Leadership

Unlocking Unconscious Bias: How VR Can Make Our Workplaces Better

VR is finally allowing men to take a walk in women's shoes. But can "the ultimate empathy machine" change our workplaces for the better?

By Angela Ledgerwood

Leadership

VR is finally allowing men to take a walk in women's shoes. But can "the ultimate empathy machine" change our workplaces for the better?

By Angela Ledgerwood

After years of working in Silicon Valley, engineer, animator and computer programmer Annie Harper was used to the men in her industry making assumptions about her abilities because she was a woman. “I remember sitting in an audience while our co-founder Brennan was presenting on our startup Equal Reality,” Harper explains. “During the presentation, Brennan pointed me out in the crowd as his co-founder while talking about my virtual reality graphic animation. Straight after the presentation, a man came bounding up and shook the hand of the man next me – congratulating him on his work and wanting to learn more.

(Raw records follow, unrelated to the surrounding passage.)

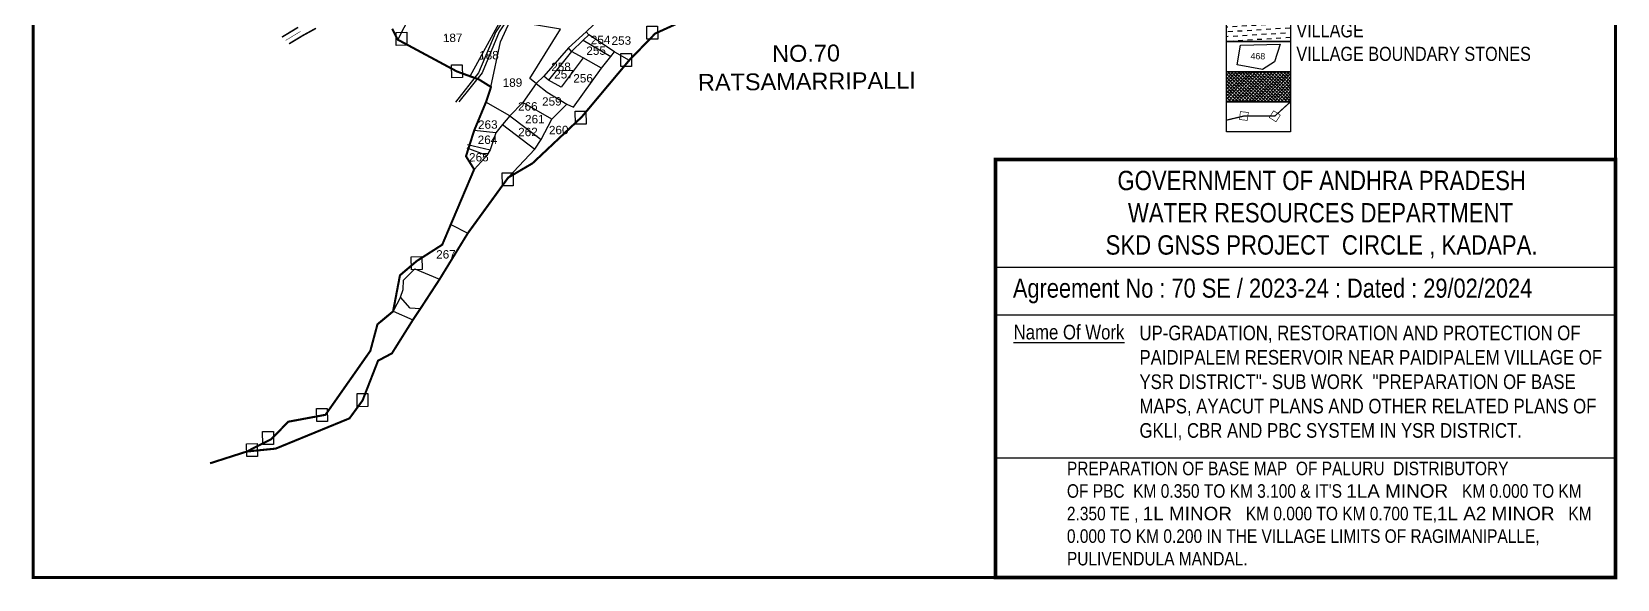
# Model space of a CAD drawing. Header units: millimetres. Extents: x 200439 to 226687, y 1597310 to 1606333.
# Drawn here: x 200439 to 203463, y 1600745 to 1601789 of the extents above; entities that cross this region are included whole.
import ezdxf
from ezdxf.enums import TextEntityAlignment as Align

# ---------------------------------------------------------------- set-up
doc = ezdxf.new("R2010")
doc.units = ezdxf.units.MM
doc.linetypes.add('ACAD_ISO02W100', pattern=[15, 12, -3])
doc.linetypes.add('HIDDEN2', pattern=[0.1875, 0.125, -0.0625])
for name, color, linetype in [('BOUNDRY STONES', 240, 'Continuous'), ('CANAL1', 7, 'Continuous'), ('FRAME 025', 7, 'Continuous'), ('PAPER SIZE', 5, 'Continuous'), ('PLOT NO', 7, 'Continuous'), ('PLOTS', 7, 'Continuous'), ('PLOTS NO', 7, 'Continuous'), ('ROADS', 1, 'Continuous'), ('tank', 4, 'Continuous'), ('TITLEBLOCK', 7, 'Continuous'), ('VILLAGE', 7, 'Continuous'), ('VILLAGE BOUNDRY', 5, 'Continuous'), ('VILLAGE STONES', 240, 'Continuous')]:
    doc.layers.add(name, color=color, linetype=linetype)
doc.styles.add('ARIALN', font='ARIALN.TTF')
doc.styles.get("Standard").update_dxf_attribs({"font": 'arial.ttf'})

msp = doc.modelspace()

# ---------------------------------------------------------------- hatches: boundary and pattern name
at = {"layer": 'tank'}
h = msp.add_hatch(dxfattribs=at)
h.set_pattern_fill('DASH', color=256, scale=72.786407, angle=3.5405, style=0)
h.set_pattern_definition([(3.5405362, (-260509.874, 585177.877), (8.51907268, 9.64279827), [9.09830088, -9.09830088])])
h.paths.add_polyline_path([(202717.5, 1601827.7), (202839.7, 1601827.7), (202839.7, 1601770.4), (202717.5, 1601770.4)])
at = {"layer": 'VILLAGE', "linetype": 'Continuous'}
h = msp.add_hatch(dxfattribs=at)
h.set_pattern_fill('SACNCR', color=256, scale=48.888191, angle=1.5303, style=0)
h.set_pattern_definition([(46.53031993, (-260509.8744, 585177.8767), (-3.326254133, 3.15315368), []), (46.53031993, (-260506.6347, 585177.963), (-3.326254133, 3.15315368), [0, -4.583267905])])
h.paths.add_polyline_path([(202717.5, 1601713.1), (202839.7, 1601713.1), (202839.7, 1601655.8), (202717.5, 1601655.8)])

# ---------------------------------------------------------------- linework, layer by layer
at = {"color": 5, "const_width": 5.6}
msp.add_lwpolyline([(200442, 1605089.7), (203459.2, 1605089.7), (203459.2, 1600748.8), (200442, 1600748.8)], close=True, dxfattribs=at)
at = {"layer": 'BOUNDRY STONES'}
for points in [[(202122.7, 1604080.1), (202077.6, 1604022.5), (202049.4, 1603949.6), (202021.5, 1603855.4), (201988.6, 1603726.9), (201972, 1603634.7), (201935.8, 1603456.5), (201894.7, 1603268.5), (201837.6, 1603020.1), (201795.7, 1602861.1), (201742.7, 1602680.8), (201718.5, 1602603.7), (201663.1, 1602466.4), (201611.6, 1602363.4), (201568, 1602255), (201499.2, 1602102.3), (201432.3, 1601965.1), (201394, 1601894.4), (201324.1, 1601789.2), (201291.3, 1601710.9), (201247, 1601655.2)], [(202129.4, 1604080.3), (202084.3, 1604022.6), (202056.2, 1603949.8), (202028.2, 1603855.6), (201995.3, 1603727.1), (201978.7, 1603634.9), (201942.5, 1603456.6), (201901.5, 1603268.6), (201844.3, 1603020.2), (201802.4, 1602861.3), (201749.5, 1602681), (201725.3, 1602603.9), (201669.8, 1602466.6), (201618.3, 1602363.5), (201574.8, 1602255.2), (201505.9, 1602102.5), (201439, 1601965.2), (201400.8, 1601894.5), (201330.8, 1601789.4), (201298.1, 1601711.1), (201253.8, 1601655.4)]]:
    msp.add_lwpolyline(points, dxfattribs=at)
for points in [[(201134.1, 1601787.9), (201154.5, 1601788.2), (201154.8, 1601763.4), (201134.3, 1601763.2)], [(201612.2, 1601799.6), (201632.6, 1601799.8), (201632.9, 1601775.1), (201612.4, 1601774.9)], [(201239.7, 1601726.3), (201260.2, 1601726.5), (201260.4, 1601701.8), (201240, 1601701.6)], [(201562.3, 1601747.7), (201582.8, 1601747.9), (201583, 1601723.2), (201562.6, 1601723)], [(201475.6, 1601637.6), (201496.1, 1601637.8), (201496.4, 1601613), (201475.9, 1601612.8)], [(201336.5, 1601520.2), (201357, 1601520.4), (201357.2, 1601495.6), (201336.8, 1601495.4)], [(201162.9, 1601360.3), (201183.4, 1601360.5), (201183.6, 1601335.8), (201163.2, 1601335.6)], [(201059.5, 1601099.2), (201080, 1601099.4), (201080.2, 1601074.7), (201059.8, 1601074.4)], [(200982.5, 1601070.9), (201002.9, 1601071.2), (201003.2, 1601046.4), (200982.7, 1601046.2)], [(200879.5, 1601027.1), (200900, 1601027.3), (200900.2, 1601002.5), (200879.8, 1601002.3)], [(200848.9, 1601003.8), (200869.3, 1601004.1), (200869.6, 1600979.3), (200849.1, 1600979.1)]]:
    msp.add_lwpolyline(points, close=True, dxfattribs=at)
at = {"layer": 'CANAL1', "color": 200, "const_width": 3}
for points in [[(200916.3, 1601779), (200947.2, 1601797.7)], [(200930, 1601766.3), (200956.2, 1601782.1), (200981.2, 1601795.8)]]:
    msp.add_lwpolyline(points, dxfattribs=at)
at = {"layer": 'CANAL1', "color": 1, "linetype": 'HIDDEN2', "ltscale": 4, "const_width": 1}
msp.add_lwpolyline([(200923.2, 1601772.6), (200951.7, 1601789.9)], dxfattribs=at)
at = {"layer": 'FRAME 025', "lineweight": -3, "elevation": 9.1}
for points in [[(202277, 1601340.5), (203459.2, 1601340.5)], [(202276.5, 1601249.3), (203458.7, 1601249.3)], [(202276.2, 1600977), (203458.4, 1600977)]]:
    msp.add_lwpolyline(points, dxfattribs=at)
at = {"layer": 'PAPER SIZE', "color": 5, "const_width": 7.04, "elevation": 9.1}
msp.add_lwpolyline([(203459.2, 1600748.8), (202277, 1600748.8), (202277, 1601545.9), (203459.2, 1601545.9)], close=True, dxfattribs=at)
at = {"layer": 'PLOT NO'}
for points in [[(202717.5, 1601827.7), (202839.7, 1601827.7), (202839.7, 1601770.4), (202717.5, 1601770.4)], [(202717.5, 1601770.4), (202839.7, 1601770.4), (202839.7, 1601713.1), (202717.5, 1601713.1)], [(202717.5, 1601713.1), (202839.7, 1601713.1), (202839.7, 1601655.8), (202717.5, 1601655.8)], [(202717.5, 1601655.8), (202839.7, 1601655.8), (202839.7, 1601598.5), (202717.5, 1601598.5)]]:
    msp.add_lwpolyline(points, close=True, dxfattribs=at)
msp.add_lwpolyline([(202738, 1601725.9), (202744.3, 1601763.7), (202819.7, 1601765.3), (202808.8, 1601732.2), (202786, 1601717.1), (202738, 1601725.9)], dxfattribs=at)
at = {"layer": 'PLOTS'}
for points in [[(201275, 1601704.4), (201334.4, 1601812.9), (201348.7, 1601914.1), (201356.5, 1601986.6), (201290.6, 1601948.7), (201251.4, 1601922.3), (201208, 1601883.4), (201187.5, 1601864.8), (201172.5, 1601842.2), (201137.2, 1601774.2)], [(201554.4, 1601844.7), (201496.4, 1601789), (201462.6, 1601758.8), (201416, 1601704.5), (201401.1, 1601690.5), (201375.4, 1601654.2), (201351.1, 1601629), (201305.4, 1601655)], [(201315, 1601683.9), (201333.1, 1601770.2), (201351.4, 1601810)], [(201401.1, 1601690.5), (201388.8, 1601699.9), (201447.4, 1601794), (201351.4, 1601810)], [(201550.6, 1601750.7), (201501.8, 1601783.6), (201490.8, 1601773), (201468.5, 1601751.6), (201424.4, 1601696.9), (201416, 1601704.5)], [(201501.8, 1601783.6), (201496.4, 1601789)], [(201468.5, 1601751.6), (201462.6, 1601758.8)], [(201525.6, 1601719.7), (201490.9, 1601739.8), (201468.5, 1601751.6)], [(201490.8, 1601773), (201543.4, 1601741.8)], [(201347.9, 1601511.3), (201398.8, 1601565.7), (201410.7, 1601584.1), (201431.2, 1601622.7), (201459.4, 1601651.3), (201472.2, 1601645.7), (201525.6, 1601719.7), (201543.4, 1601741.8), (201550.6, 1601750.7), (201578.6, 1601734.9)], [(201490.9, 1601739.8), (201448.7, 1601683.6), (201424.4, 1601696.9)], [(201401.1, 1601690.5), (201422.3, 1601673.8), (201459.4, 1601651.3)], [(201431.2, 1601622.7), (201375.4, 1601654.2)], [(201351.1, 1601629), (201336.7, 1601612.3), (201324.1, 1601596.6), (201282.8, 1601600.7)], [(201336.7, 1601612.3), (201398.8, 1601565.7)], [(201351.1, 1601629), (201410.7, 1601584.1)], [(201270.2, 1601574.5), (201313.2, 1601563.9)], [(201324.1, 1601596.6), (201313.2, 1601563.9), (201306.9, 1601553.1), (201289.7, 1601534), (201282.9, 1601526.9)], [(201306.9, 1601553.1), (201269.3, 1601567.4)], [(201238.2, 1601421.5), (201270.7, 1601405)], [(201180.1, 1601260.8), (201161, 1601262.3), (201142.6, 1601283.3), (201147.6, 1601298), (201148, 1601315.4), (201169.8, 1601336.9), (201217, 1601317.4)], [(201142.6, 1601283.3), (201128.3, 1601256.2)], [(201128.3, 1601256.2), (201166, 1601239.7)]]:
    msp.add_lwpolyline(points, dxfattribs=at)
at = {"layer": 'VILLAGE BOUNDRY', "const_width": 4}
msp.add_lwpolyline([(201730.7, 1601832.5), (201628.2, 1601785.9), (201578.6, 1601734.9), (201488, 1601626.8), (201394, 1601538.3), (201347.9, 1601511.3), (201270.7, 1601405), (201217, 1601317.4), (201180.1, 1601260.8), (201166, 1601239.7), (201126.1, 1601176.1), (201099.6, 1601162), (201070, 1601086.1), (201045.1, 1601052.1), (200904.4, 1600994.4), (200849.5, 1600988.9), (200779.2, 1600966.4), (200849.5, 1600988.9), (200896.2, 1601012.6), (200928.4, 1601045.7), (200999.4, 1601058.9), (201084.9, 1601180.8), (201098.5, 1601231.4), (201128.3, 1601256.2), (201141.4, 1601324.9), (201173.7, 1601352.3), (201222, 1601383.2), (201238.2, 1601421.5), (201282.9, 1601526.9), (201267.3, 1601551.9), (201282.8, 1601600.7), (201305.4, 1601655), (201315, 1601683.9), (201291.7, 1601698.5), (201275, 1601704.4), (201250.1, 1601713.5), (201137.2, 1601774.2), (201126.5, 1601795)], dxfattribs=at)
at = {"layer": 'VILLAGE BOUNDRY', "linetype": 'ACAD_ISO02W100', "ltscale": 2, "const_width": 2.4}
msp.add_lwpolyline([(202717.5, 1601620.7), (202751.3, 1601628.7), (202809.8, 1601628.7), (202839.7, 1601655.8)], dxfattribs=at)
at = {"layer": 'VILLAGE STONES', "const_width": 1.22}
for points in [[(202744, 1601637), (202759.1, 1601635.4), (202757.5, 1601620.2), (202742.3, 1601621.9)], [(202799.2, 1601625.8), (202807.4, 1601638.6), (202820.2, 1601630.3), (202811.9, 1601617.6)]]:
    msp.add_lwpolyline(points, close=True, dxfattribs=at)

# ---------------------------------------------------------------- texts
at = {"layer": 'PLOT NO'}
msp.add_text('468', height=11.98, rotation=358.6877, dxfattribs=at).set_placement((202777.4, 1601742.8), align=Align.MIDDLE_CENTER)
at = {"layer": 'PLOTS NO'}
for s, p in [('187', (201241.9, 1601777.7)), ('254', (201524, 1601773.7)), ('188', (201311.1, 1601744.5)), ('255', (201515.4, 1601753.2)), ('253', (201563.5, 1601772.4)), ('258', (201448.6, 1601722.3)), ('189', (201355.9, 1601692.3)), ('257', (201454.1, 1601708.2)), ('256', (201490.6, 1601700.6)), ('259', (201431.1, 1601656.4)), ('266', (201385.2, 1601646.9)), ('261', (201398.6, 1601622.7)), ('263', (201308.9, 1601612.3)), ('262', (201385.5, 1601598.1)), ('260', (201444.1, 1601601.9)), ('264', (201308.3, 1601583.4)), ('265', (201291.8, 1601550)), ('267', (201229.1, 1601364.8))]:
    msp.add_text(s, height=16.02, rotation=0.613, dxfattribs=at).set_placement(p, align=Align.MIDDLE_CENTER)
at = {"layer": 'ROADS', "insert": (201705.1, 1601762), "char_height": 32.044, "width": 415.432, "attachment_point": 1, "rotation": 0.613}
msp.add_mtext('\\pi145.80336;NO.70 \\P\\pi3.77049;RATSAMARRIPALLI', dxfattribs=at)
at = {"layer": 'TITLEBLOCK', "extrusion": (0.000201441, 0.004807, 0.999988), "style": 'ARIALN'}
msp.add_text('%%UName Of Work', height=27.882, rotation=359.9999, dxfattribs=at).set_placement((202311.6, 1601183.9, 7743.3))
at = {"layer": 'TITLEBLOCK', "extrusion": (0.000201441, 0.004807, 0.999988), "attachment_point": 1, "text_direction": (1, -1e-06, -0.000201), "style": 'ARIALN'}
for s, insert, char_height, width in [('CANAL CENTER LINE \\PCANAL BED WIDTH {\\H1.52882x; }\\PCANAL TOP WIDTH {\\H1.35255x; }\\PCART TRACK/ ROAD{\\H1.4113x; }\\PSTREAM {\\H1.39172x; }\\PVILLAGE BOUNDARY{\\H1.39825x; }\\PTANKS/ KUNTAS{\\H1.39607x; }\\PSURVEY NUMBER& BOUNDARYS{\\H1.3968x; }\\PVILLAGE{\\H1.39655x; }\\PVILLAGE BOUNDARY STONES{\\H1.39664x; }', (202850.8, 1602164.4), 26.917, 564.344), ('\\pi48.24342;GOVERNMENT OF ANDHRA PRADESH  \\P\\pi68.30207;WATER RESOURCES DEPARTMENT      \\P\\pi25.69473;SKD GNSS PROJECT  CIRCLE , KADAPA.', (202461.3, 1601524.1, 3.5), 36.873, 869.657), ('Agreement No : 70 SE / 2023-24 : Dated : 29/02/2024', (202310.3, 1601318.5, 2.5), 36.247, 1170.001), ('UP-GRADATION, RESTORATION AND PROTECTION OF PAIDIPALEM RESERVOIR NEAR PAIDIPALEM VILLAGE OF YSR DISTRICT"- SUB WORK  "PREPARATION OF BASE MAPS, AYACUT PLANS AND OTHER RELATED PLANS OF GKLI, CBR AND PBC SYSTEM IN YSR DISTRICT.', (202551.6, 1601228.9, 3.2), 27.8821, 900.001), ("PREPARATION OF BASE MAP  OF {\\C1;PALURU  DISTRIBUTORY\\POF PBC  }KM {\\C1;0.350 }TO KM {\\C1;3.100 & IT'S \\Farial|c0;1LA MINOR \\fArial Narrow|b0|i0|c0|p34;  }KM {\\C1;0.000 }TO KM {\\C1;2.350 TE , \\Farial|c0;1L MINOR \\fArial Narrow|b0|i0|c0|p34;  }KM {\\C1;0.000 }TO KM {\\C1;0.700 TE,\\Farial|c0;1L A2 MINOR \\fArial Narrow|b0|i0|c0|p34;  }KM {\\C1;0.000 }TO KM {\\C1;0.200 }IN THE VILLAGE LIMITS OF {\\C1;RAGIMANIPALLE, PULIVENDULA} MANDAL.", (202413.2, 1600969.5, -3.3), 25.791, 1047.369)]:
    msp.add_mtext(s, dxfattribs=dict(at, insert=insert, char_height=char_height, width=width))

doc.saveas('drawing.dxf')

It hadn’t occurred to him that the 5’5″ blonde girl to his right was the animator.”

It was experiencing this type of unconscious bias over and over again in Silicon Valley that inspired Harper to start Equal Reality with Brennan Hatton and Rick Martin. The idea? To harness the power of Virtual Reality so people can experience what it’s like to walk through the world as a different gender, race, age or ability-level in the workplace.